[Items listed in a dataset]
======

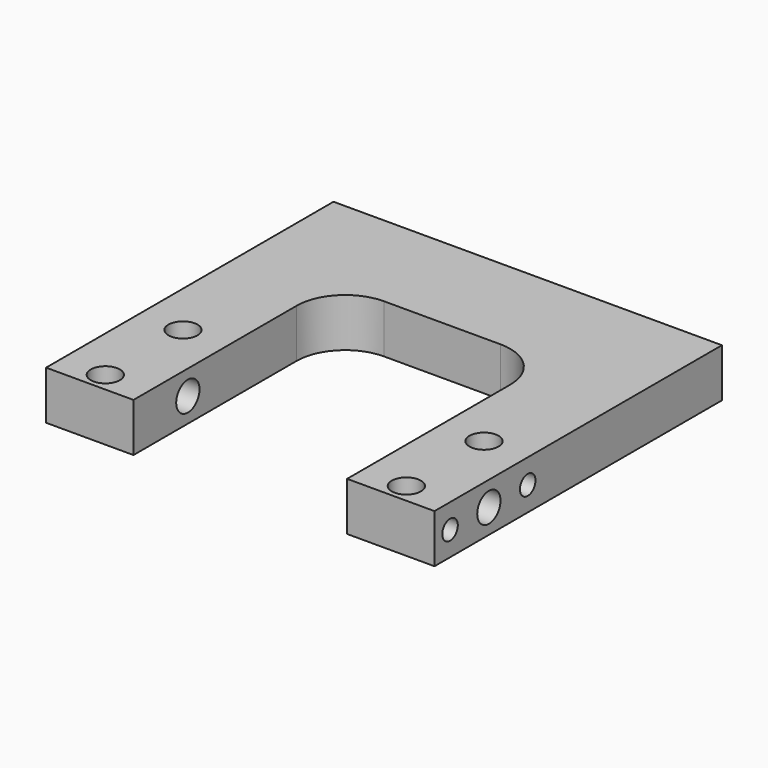
from build123d import *

# Parameters (mm, degrees)
F0_R     = 1.5
F1_DEPTH = 5
F3_D     = 2
F3_DEPTH = 5
F3_TIP   = 0.600860619
F4_R     = 5
F5_D     = 3


# Not quite as in the source:
# - a feature names something its author has since deleted; it is built from what else it names


with BuildPart() as f1:
    # F0 (on Top) → F1 (new body)
    with BuildSketch(Plane.XY):
        Polygon((11, 33), (11, 7), (20, 7), (20, 44), (0, 44), (0, 33), align=None)
        with Locations((15.5, 9)):
            Circle(F0_R, mode=Mode.SUBTRACT)
        with Locations((15.5, 19)):
            Circle(F0_R, mode=Mode.SUBTRACT)
    extrude(amount=-F1_DEPTH)

    # F3
    with Locations(Plane.YZ.offset(20)):
        with Locations((9, -2.5), (19, -2.5)):
            Hole(F3_D / 2, depth=F3_DEPTH)
            with Locations((0, 0, -(F3_DEPTH + F3_TIP / 2))):  # 118° drill point
                Cone(0, F3_D / 2, F3_TIP, mode=Mode.SUBTRACT)

    # F4
    f4_edges = [f1.edges().sort_by_distance(p)[0] for p in [
        (11, 33, -2.5),
    ]]
    fillet(f4_edges, radius=F4_R)

    # F5 (through all)
    with Locations(Plane.YZ.offset(20)):
        with Locations((14, -2.5)):
            Hole(F5_D / 2)

    # F6: F1 across plane


with BuildPart() as f1_1:
    add(f1.part)
    add(f1.part.mirror(Plane.YZ))


solid = f1_1.part

======

Write out every line, unchanged, from the one containing "# F5 (through all)" through the closing line of the data.

#### [Answer for this exercise]
    # F5 (through all)
    with Locations(Plane.YZ.offset(20)):
        with Locations((14, -2.5)):
            Hole(F5_D / 2)

    # F6: F1 across plane


with BuildPart() as f1_1:
    add(f1.part)
    add(f1.part.mirror(Plane.YZ))


solid = f1_1.part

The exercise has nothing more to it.